▶ _DIRECTIONS FOR THIS TASK_:
A complete answer includes every line below with the word "Model".

Top of RECORDS

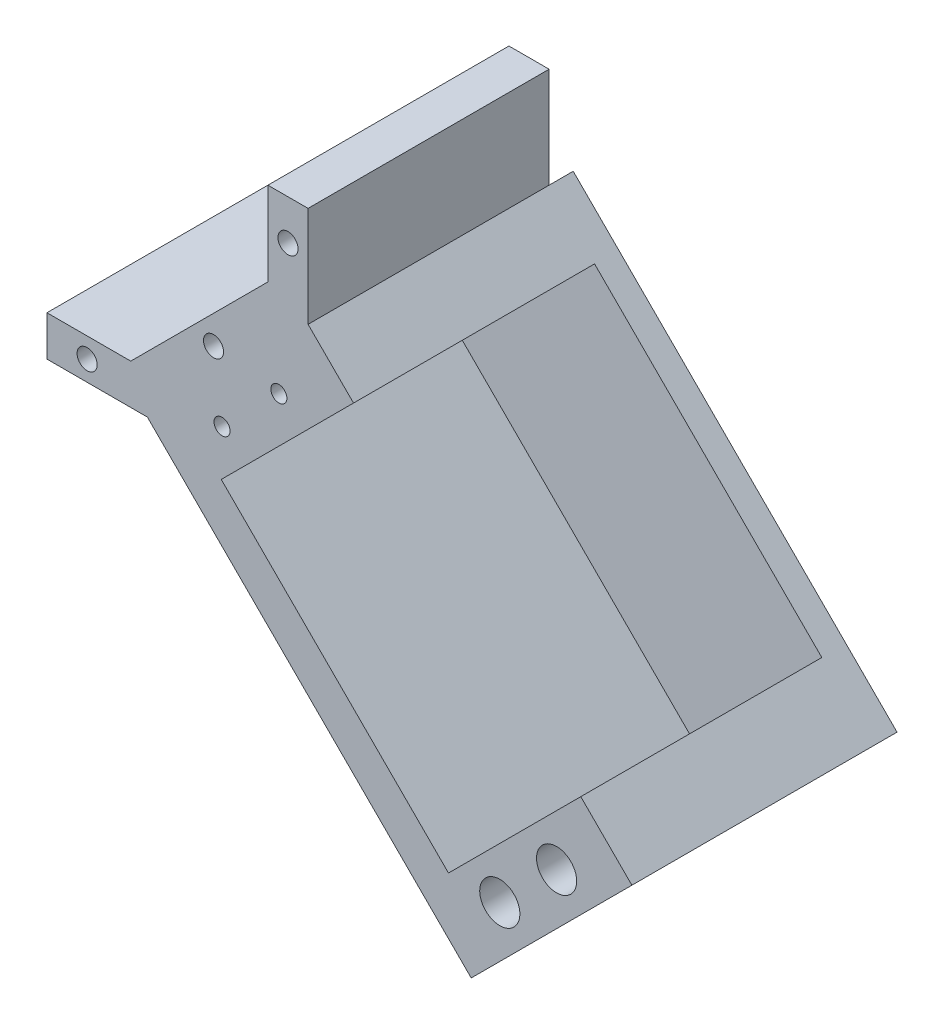
SolidWorks part; units mm, degrees
ref_plane "Front Plane" through (0, 0, 0) normal (0, 0, 1) x (1, 0, 0)
ref_plane "Top Plane" through (0, 0, 0) normal (0, 1, 0) x (1, 0, 0)
ref_plane "Right Plane" through (0, 0, 0) normal (1, 0, 0) x (0, 0, -1)
sketch "Model" plane through (0, 0, 0) normal (0, 0, 1) x (1, 0, 0)
  line L0 (25.1007, 10.3343) -> (45.1007, 30.3343)
  line L1 (25.1007, 10.3343) -> (12.6007, 10.3343)
  line L2 (25.1007, 10.3343) -> (45.1007, 30.3343)
  line L3 (30.7575, 4.6775) -> (50.7575, 24.6775)
  line L4 (23.0296, 15.3343) -> (40.1007, 32.4054)
  line L5 (40.1007, 42.8343) -> (45.1007, 42.8343)
  line L6 (25.1007, 10.3343) -> (12.6007, 10.3343)
  line L7 (23.0296, 15.3343) -> (12.6007, 15.3343)
  line L8 (12.6007, 10.3343) -> (12.6007, 15.3343)
  line L9 (45.1007, 42.8343) -> (45.1007, 30.3343)
  line L10 (40.1007, 42.8343) -> (40.1007, 32.4054)
  line L11 (45.1007, 30.3343) -> (50.7575, 24.6775)
  line L12 (25.1007, 10.3343) -> (30.7575, 4.6775)
  circle A0 centre (17.6007, 12.8343) radius 1.25
  circle A1 centre (42.6007, 37.8343) radius 1.25
  circle A2 centre (33.3329, 22.1021) radius 1.25
  circle A3 centre (34.3936, 13.9704) radius 1
  circle A4 centre (41.4647, 21.0414) radius 1
extrude "Boss-Extrude1" add sketch "Model" along normal blind 30 contours L0 L12 L3 L11 A4 A3 | L5 L10 L4 L7 L8 L1 L0 L9 A2 A1 A0
sketch "Sketch3" plane through (0, 0, 0) normal (0, 0, -1) x (-1, 0, 0)
  line L1 (-30.7575, 4.6775) -> (-59.0418, -23.6068)
  line L2 (-59.0418, -23.6068) -> (-79.0418, -3.6068)
  line L3 (-62.5774, -20.0713) -> (-79.0418, -3.6068)
  line L4 (-65.4058, -29.9708) -> (-85.4058, -9.9708)
  line L5 (-85.4058, -9.9708) -> (-79.0418, -3.6068)
  line L6 (-65.4058, -29.9708) -> (-59.0418, -23.6068)
  line L7 (-34.2931, 8.213) -> (-62.5774, -20.0713)
  line L8 (-72.8765, -9.7721) -> (-79.1897, -16.1869) construction
  line L9 (-59.0418, -23.6068) -> (-79.0418, -3.6068) construction
  line L10 (-65.7546, -16.894) -> (-72.1694, -23.2072) construction
  line L11 (-76.0331, -12.9795) -> (-68.962, -20.0506) construction
  line L12 (-34.2931, 8.213) -> (-30.7575, 4.6775)
  circle A0 centre (-76.0331, -12.9795) radius 2.5
  circle A1 centre (-68.962, -20.0506) radius 2.5
  dimension "D4" = 5
  dimension "D5" = 5
  dimension "D1" = 40
  dimension "D2" = 9
  dimension "D3" = 5
extrude "Boss-Extrude2" add sketch "Sketch3" against normal blind 30
sketch "Sketch7" plane through (0, 0, 0) normal (0, 0, -1) x (-1, 0, 0)
  line L0 (-45.1007, 30.3343) -> (-25.1007, 10.3343)
  line L14 (-45.1007, 30.3343) -> (-50.7575, 24.6775)
  line L15 (-50.7575, 24.6775) -> (-34.2931, 8.213)
  line L16 (-34.2931, 8.213) -> (-62.5774, -20.0713)
  line L17 (-62.5774, -20.0713) -> (-79.0418, -3.6068)
  line L18 (-79.0418, -3.6068) -> (-85.4058, -9.9708)
  line L19 (-85.4058, -9.9708) -> (-65.4058, -29.9708)
  line L20 (-65.4058, -29.9708) -> (-25.1007, 10.3343)
  line L21 (-25.1007, 10.3343) -> (-12.6007, 10.3343)
  line L22 (-12.6007, 10.3343) -> (-12.6007, 15.3343)
  line L23 (-12.6007, 15.3343) -> (-23.0296, 15.3343)
  line L24 (-23.0296, 15.3343) -> (-40.1007, 32.4054)
  line L25 (-40.1007, 32.4054) -> (-40.1007, 42.8343)
  line L26 (-40.1007, 42.8343) -> (-45.1007, 42.8343)
  line L27 (-45.1007, 42.8343) -> (-45.1007, 30.3343)
  line L28 (-45.1007, 30.3343) -> (-50.7575, 24.6775)
  line L29 (-50.7575, 24.6775) -> (-34.2931, 8.213)
  line L30 (-34.2931, 8.213) -> (-62.5774, -20.0713)
  line L31 (-62.5774, -20.0713) -> (-79.0418, -3.6068)
  line L32 (-79.0418, -3.6068) -> (-85.4058, -9.9708)
  line L33 (-85.4058, -9.9708) -> (-65.4058, -29.9708)
  line L34 (-65.4058, -29.9708) -> (-25.1007, 10.3343)
  circle A0 centre (-68.962, -20.0506) radius 2.5 construction
  circle A1 centre (-76.0331, -12.9795) radius 2.5 construction
  circle A2 centre (-34.3936, 13.9704) radius 1 construction
  circle A3 centre (-41.4647, 21.0414) radius 1 construction
  circle A4 centre (-68.962, -20.0506) radius 2.5
  circle A5 centre (-76.0331, -12.9795) radius 2.5
  circle A6 centre (-34.3936, 13.9704) radius 1
  circle A7 centre (-41.4647, 21.0414) radius 1
  dimension "D1" = 0
extrude "Boss-Extrude5" add sketch "Sketch7" along normal blind 3
sketch "Sketch8" plane through (0, 0, -3) normal (0, 0, -1) x (-1, 0, 0)
  line L0 (-50.7575, 24.6775) -> (-34.2931, 8.213) construction
  line L1 (-50.7575, 24.6775) -> (-34.2931, 8.213)
  line L2 (-62.5774, -20.0713) -> (-79.0418, -3.6068) construction
  line L3 (-62.5774, -20.0713) -> (-79.0418, -3.6068)
  line L4 (-34.2931, 8.213) -> (-62.5774, -20.0713) construction
  line L5 (-34.2931, 8.213) -> (-62.5774, -20.0713)
  line L6 (-79.0418, -3.6068) -> (-50.7575, 24.6775)
extrude "Boss-Extrude6" add sketch "Sketch8" against normal blind 3

Bottom of RECORDS

▶ _EXERCISE RESPONSE_:
sketch "Model" plane through (0, 0, 0) normal (0, 0, 1) x (1, 0, 0)
extrude "Boss-Extrude1" add sketch "Model" along normal blind 30 contours L0 L12 L3 L11 A4 A3 | L5 L10 L4 L7 L8 L1 L0 L9 A2 A1 A0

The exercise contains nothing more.